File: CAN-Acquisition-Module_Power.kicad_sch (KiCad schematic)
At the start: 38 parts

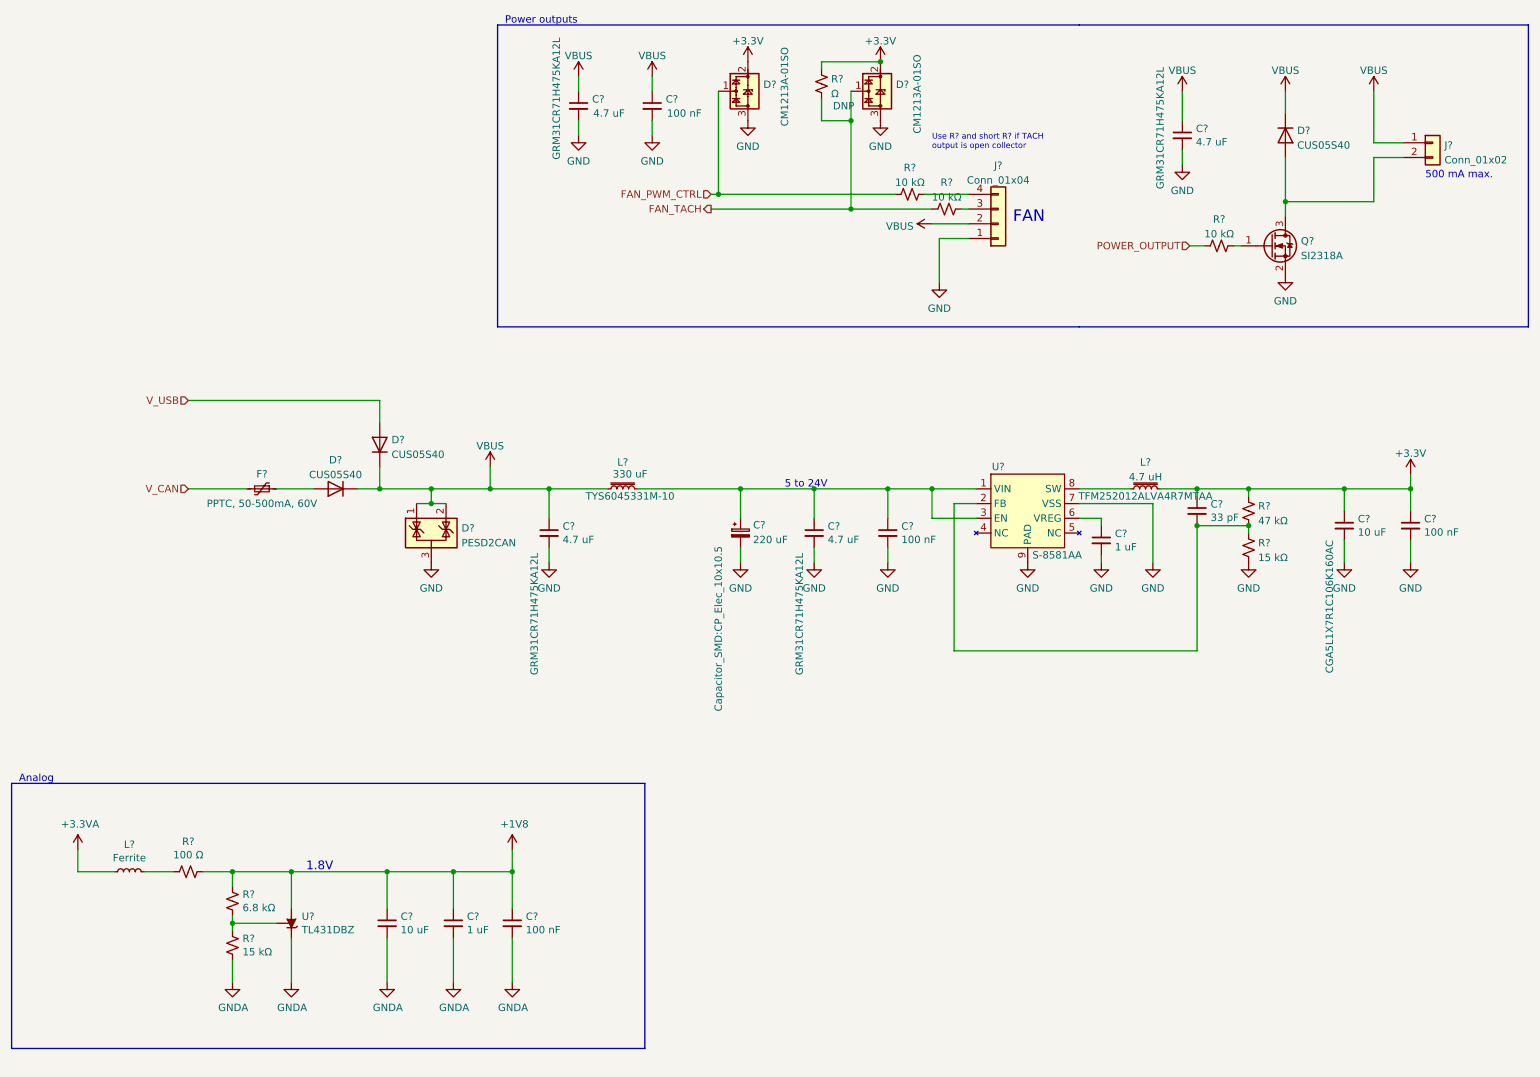
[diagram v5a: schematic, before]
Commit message: Added screen sections and annotations
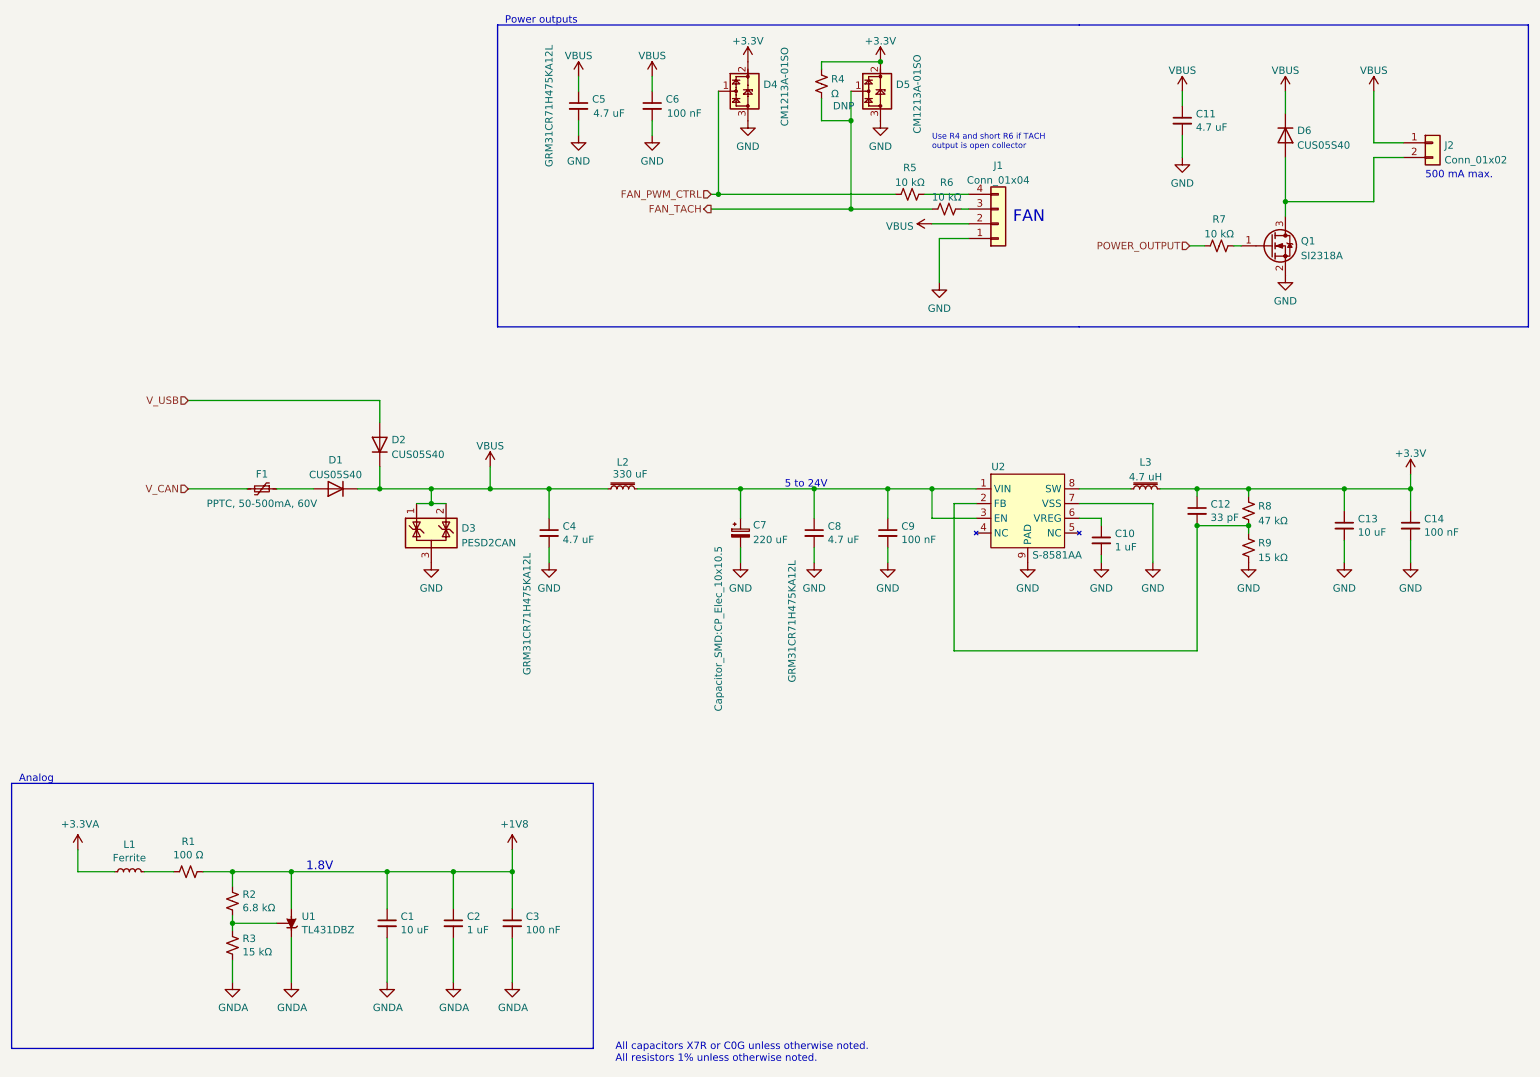
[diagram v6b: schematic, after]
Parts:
- C1: renamed from C?; footprint Capacitor_SMD:C_1206_3216Metric -> Capacitor_SMD:C_0805_2012Metric; Mfr. (none) -> TDK Corporation; P/N (none) -> C2012X7R0J106K125AB; Rated Voltage (none) -> 6.3V
- C10, C2: renamed from C?; Mfr. (none) -> Samsung Electro-Mechanics; P/N (none) -> CL10B105KA8NNNC; Rated Voltage (none) -> 25V
- C11, C4, C5, C8: renamed from C?; MPN GRM31CR71H475KA12L -> (none); Manufacturer Murata Electronics -> (none); Mfr. (none) -> Murata Electronics; P/N (none) -> GRM31CR71H475KA12L; Rated Voltage (none) -> 50V
- C13: renamed from C?; footprint Capacitor_SMD:C_1206_3216Metric -> Capacitor_SMD:C_0805_2012Metric; MPN CGA5L1X7R1C106K160AC -> (none); Manufacturer TDK Corporation -> (none); Mfr. (none) -> TDK Corporation; P/N (none) -> C2012X7R0J106K125AB; Rated Voltage (none) -> 6.3V
- C14, C3: renamed from C?; Mfr. (none) -> KYOCERA AVX; P/N (none) -> 0402YC104KAT2A; Rated Voltage (none) -> 16V
- C6, C9: renamed from C?; Mfr. (none) -> Samsung Electro-Mechanics; P/N (none) -> CL10B104KB8NNWC; Rated Voltage (none) -> 50V
- C7: renamed from C?; Mfr. (none) -> Kyocera; P/N (none) -> AEH1213221M050R; Rated Voltage (none) -> 50V
- L2: renamed from L?; MPN TYS6045331M-10 -> (none); P/N (none) -> TYS6045331M-10
- L3: renamed from L?; MPN TFM252012ALVA4R7MTAA -> (none); Mfr. (none) -> TDK Corporation; P/N (none) -> TFM252012ALVA4R7MTAA
- gave numbers to parts that had none: 23
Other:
- note added: "All capacitors X7R or C0G unless otherwise noted. All resistors 1% unless otherwise noted."
- note added: "Use R4 and short R6 if TACH output is open collector"
- note removed: "Use R? and short R? if TACH output is open collector"
- moved on the sheet: C11

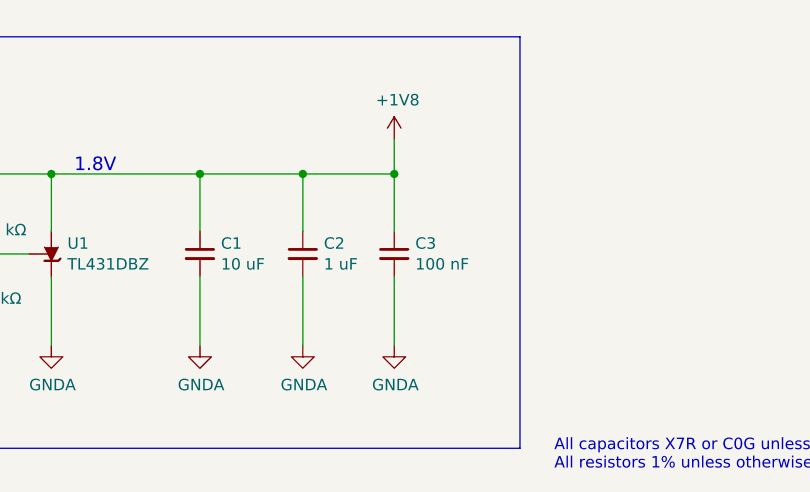
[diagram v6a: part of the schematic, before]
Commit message: Layout of analog section started
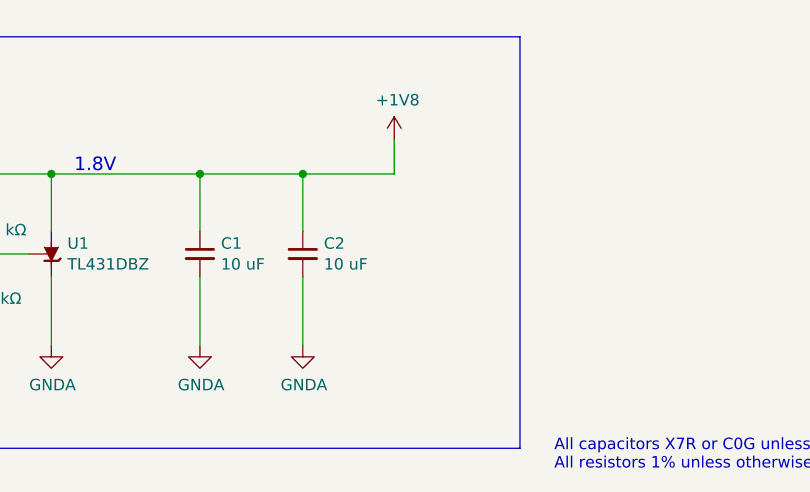
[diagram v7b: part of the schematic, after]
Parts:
- removed C3: 100 nF, Capacitor_SMD:C_0402_1005Metric, symbol Device:C_Small
- C2: value 1 uF -> 10 uF; footprint Capacitor_SMD:C_0603_1608Metric -> Capacitor_SMD:C_0805_2012Metric; Mfr. Samsung Electro-Mechanics -> TDK Corporation; P/N CL10B105KA8NNNC -> C2012X7R0J106K125AB; Rated Voltage 25V -> 6.3V
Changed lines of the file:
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@@
   (junction (at 163.83 31.75) (diameter 0) (color 0 0 0 0)
   )
-  (junction (at 105.41 161.29) (diameter 0) (color 0 0 0 0)
-  )
   (junction (at 111.76 95.25) (diameter 0) (color 0 0 0 0)
   )
@@
     (stroke (width 0) (type default) (color 0 0 0 0))
   )
-  (wire (pts (xy 105.41 167.64) (xy 105.41 161.29))
-    (stroke (width 0) (type default) (color 0 0 0 0))
-  )
   (wire (pts (xy 105.41 161.29) (xy 95.25 161.29))
     (stroke (width 0) (type default) (color 0 0 0 0))
@@
     (stroke (width 0) (type default) (color 0 0 0 0))
   )
+  (wire (pts (xy 95.25 172.72) (xy 95.25 180.34))
+    (stroke (width 0) (type default) (color 0 0 0 0))
+  )
   (wire (pts (xy 157.48 95.25) (xy 157.48 100.33))
     (stroke (width 0) (type default) (color 0 0 0 0))
@@
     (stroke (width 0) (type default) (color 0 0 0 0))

__________

● Problem requirements:
Whenever a line in the listing above includes the word "diameter", return that line.

● Response to this task:
   (junction (at 163.83 31.75) (diameter 0) (color 0 0 0 0)
-  (junction (at 105.41 161.29) (diameter 0) (color 0 0 0 0)
   (junction (at 111.76 95.25) (diameter 0) (color 0 0 0 0)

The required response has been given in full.